Certes Madame Giraldi n’exagérait pas en redisant sur un ton animé, chaque détail de cette scène, à jamais gravée dans sa mémoire ; son imagination en était encore si frappée, qu’en racontant les aveux du jeune homme elle imitait, sans en avoir conscience, l’intonation, les gestes, le regard fixe, la voix assourdie, les doigts crispés dans le vide, enfin le dément qu’était Dupras.

— Ce n’est pas la justice qu’il eût fallu prévenir, reprit Madame Walfish ; le médecin lui était autrement nécessaire.

— C’est ce que nous avons fait ; le Vicomte, mon beau-fils, aidé de mon mari, a pu entraîner Dupras dans sa chambre, où il l’a veillé toute la nuit ; puis ce matin nous avons téléphoné au Docteur Smith de Montréal.
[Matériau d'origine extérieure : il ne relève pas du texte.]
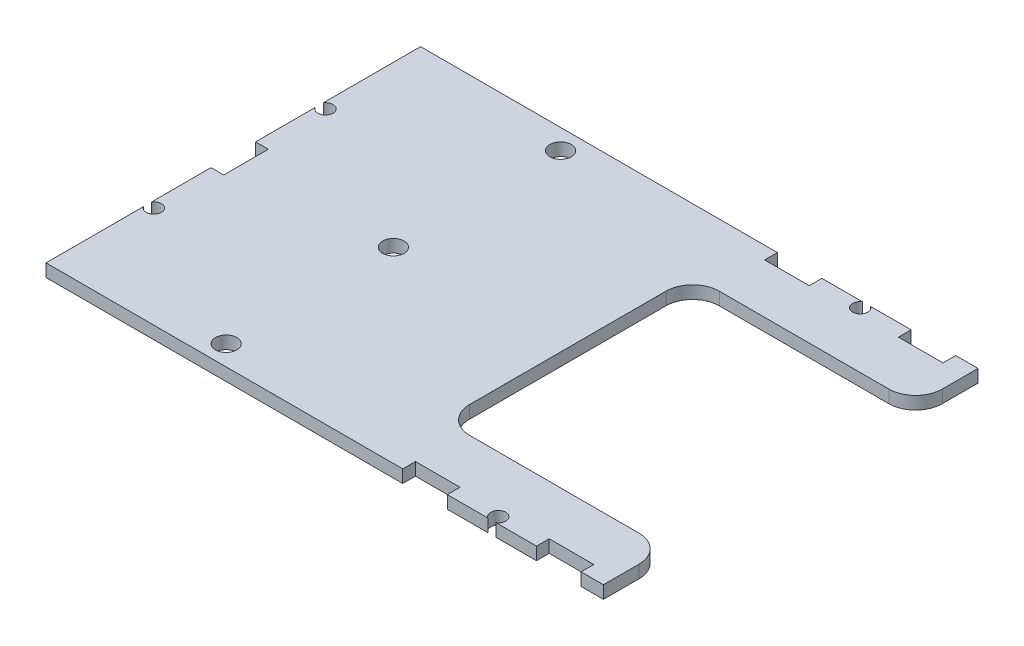
SolidWorks part; units mm, degrees
material "Pine"
ref_plane "Front" through (0, 0, 0) normal (0, 0, 1) x (1, 0, 0)
ref_plane "Top" through (0, 0, 0) normal (0, 1, 0) x (1, 0, 0)
ref_plane "Right" through (0, 0, 0) normal (1, 0, 0) x (0, 0, -1)
sketch "Sketch1" plane through (0, 0, 0) normal (0, 1, 0) x (1, 0, 0)
  line L1 (-62.5, 42) -> (62.5, 42)
  line L2 (-62.5, 42) -> (-62.5, -42)
  line L3 (-62.5, -42) -> (62.5, -42)
  line L4 (62.5, 42) -> (62.5, -42)
  line L5 (-62.5, 42) -> (62.5, -42) construction
  line L6 (-62.5, -42) -> (62.5, 42) construction
  point P0 (0, 0)
  dimension "D1" = 84
  dimension "D2" = 125
extrude "Boss-Extrude1" add sketch "Sketch1" along normal blind 2.85
sketch "Sketch2" plane through (0, 0, 0) normal (0, -1, 0) x (1, 0, 0)
  line L0 (62.5, 0) -> (44.5, 0) construction
  line L1 (62.5, 42) -> (62.5, -42) construction
  circle A0 centre (44.5, 0) radius 1.5
  dimension "D2" = 3
  dimension "D1" = 18
extrude "Cut-Extrude1" cut sketch "Sketch2" against normal through all
sketch "Sketch3" plane through (0, 2.85, 0) normal (0, 1, 0) x (1, 0, 0)
  line L0 (-26.6, 0) -> (0, 0) construction
  line L1 (-26.6, 0) -> (-26.6, 37.5) construction
  line L2 (-26.6, 0) -> (-26.6, -37.5) construction
  line L3 (-62.5, 42) -> (-62.5, -42) construction
  circle A0 centre (-26.6, 0) radius 2.4
  circle A1 centre (-26.6, 37.5) radius 2.4
  circle A2 centre (-26.6, -37.5) radius 2.4
  dimension "D1" = 4.8
  dimension "D2" = 75
  dimension "D3" = 35.9
extrude "Cut-Extrude2" cut sketch "Sketch3" against normal through all
sketch "Sketch4" plane through (0, 2.85, 0) normal (0, 1, 0) x (1, 0, 0)
  line L0 (-62.5, 42) -> (-62.5, -42) construction
  line L1 (-62.5, 5) -> (-59.65, 5)
  line L2 (-62.5, 5) -> (-62.5, -5)
  line L3 (-62.5, -5) -> (-59.65, -5)
  line L4 (-59.65, 5) -> (-59.65, -5)
  line L5 (-61.075, 19.25) -> (-61.075, 5) construction
  line L6 (-61.075, -5) -> (-61.075, -19.25) construction
  line L7 (-59.65, 0) -> (0, 0) construction
  line L8 (62.5, 42) -> (-62.5, 42) construction
  circle A0 centre (-61.075, -19.25) radius 1.7
  circle A1 centre (-61.075, 19.25) radius 1.7
  dimension "D3" = 3.4
  dimension "D1" = 10
  dimension "D2" = 2.85
  dimension "D4" = 22.75
extrude "Cut-Extrude3" cut sketch "Sketch4" against normal through all
sketch "Sketch5" plane through (0, 2.85, 0) normal (0, 1, 0) x (1, 0, 0)
  line L0 (62.5, 42) -> (-62.5, 42) construction
  line L1 (57.5, 42) -> (47.5, 42)
  line L2 (57.5, 42) -> (57.5, 39.15)
  line L3 (57.5, 39.15) -> (47.5, 39.15)
  line L4 (47.5, 42) -> (47.5, 39.15)
  line L5 (27.5, 40.575) -> (37.5, 40.575) construction
  line L6 (17.5, 42) -> (27.5, 42)
  line L7 (17.5, 42) -> (17.5, 39.15)
  line L8 (17.5, 39.15) -> (27.5, 39.15)
  line L9 (27.5, 42) -> (27.5, 39.15)
  line L10 (37.5, 40.575) -> (47.5, 40.575) construction
  line L11 (62.5, -42) -> (62.5, 42) construction
  circle A0 centre (37.5, 40.575) radius 1.7
  arc A1 (-62.5, 18.323) -> (-62.5, 20.177) centre (-61.075, 19.25) ccw construction
  dimension "D1" = 2.85
  dimension "D2" = 10
  dimension "D3" = 5
  dimension "D4" = 20
extrude "Cut-Extrude4" cut sketch "Sketch5" against normal through all
mirror "Mirror1" about plane through (0, 0, 0) normal (0, 0, 1) of "Cut-Extrude4"
sketch "Sketch6" plane through (0, 2.85, 0) normal (0, 1, 0) x (1, 0, 0)
  line L0 (62.5, -42) -> (62.5, 42) construction
  line L1 (62.5, 28) -> (12.5, 28)
  line L2 (62.5, 28) -> (62.5, -28)
  line L3 (62.5, -28) -> (12.5, -28)
  line L4 (12.5, 28) -> (12.5, -28)
  line L5 (12.5, 0) -> (0, 0) construction
  dimension "D1" = 50
  dimension "D2" = 56
extrude "Cut-Extrude5" cut sketch "Sketch6" against normal through all
fillet "Fillet1" radius 6 4 edges at (12.5, 1.425, 28) (62.5, 1.425, 28) (12.5, 1.425, -28) (62.5, 1.425, -28)

Répondant de suite à notre appel, une heure plus tard, il arrivait. Après le récit qui lui fut fait et après un examen attentif du patient, il a ordonné l’internement immédiat du malade, signant en hâte un certificat avec lequel le Vicomte, assisté d’un service d’ambulance, l’a conduit directement au Sanatorium de la Longue-Pointe. Oh ! il n’a fait aucune résistance : sa crise l’a laissé épuisé, anéanti.

— Après leur départ, acheva Lédia, mon mari est allé prendre un peu de repos ; quant à moi, je me sentais trop enfiévrée pour essayer de dormir ; ce matin, après déjeuner, je priai de me conduire chez vous. J’avais besoin de vous voir, de vous demander conseil !… Mon mari me disait naguère :

— « Que devons-nous faire, informer la police des aveux de Dupras, ou n’y attacher pas plus d’importance qu’aux dénégations d’un détraqué » ?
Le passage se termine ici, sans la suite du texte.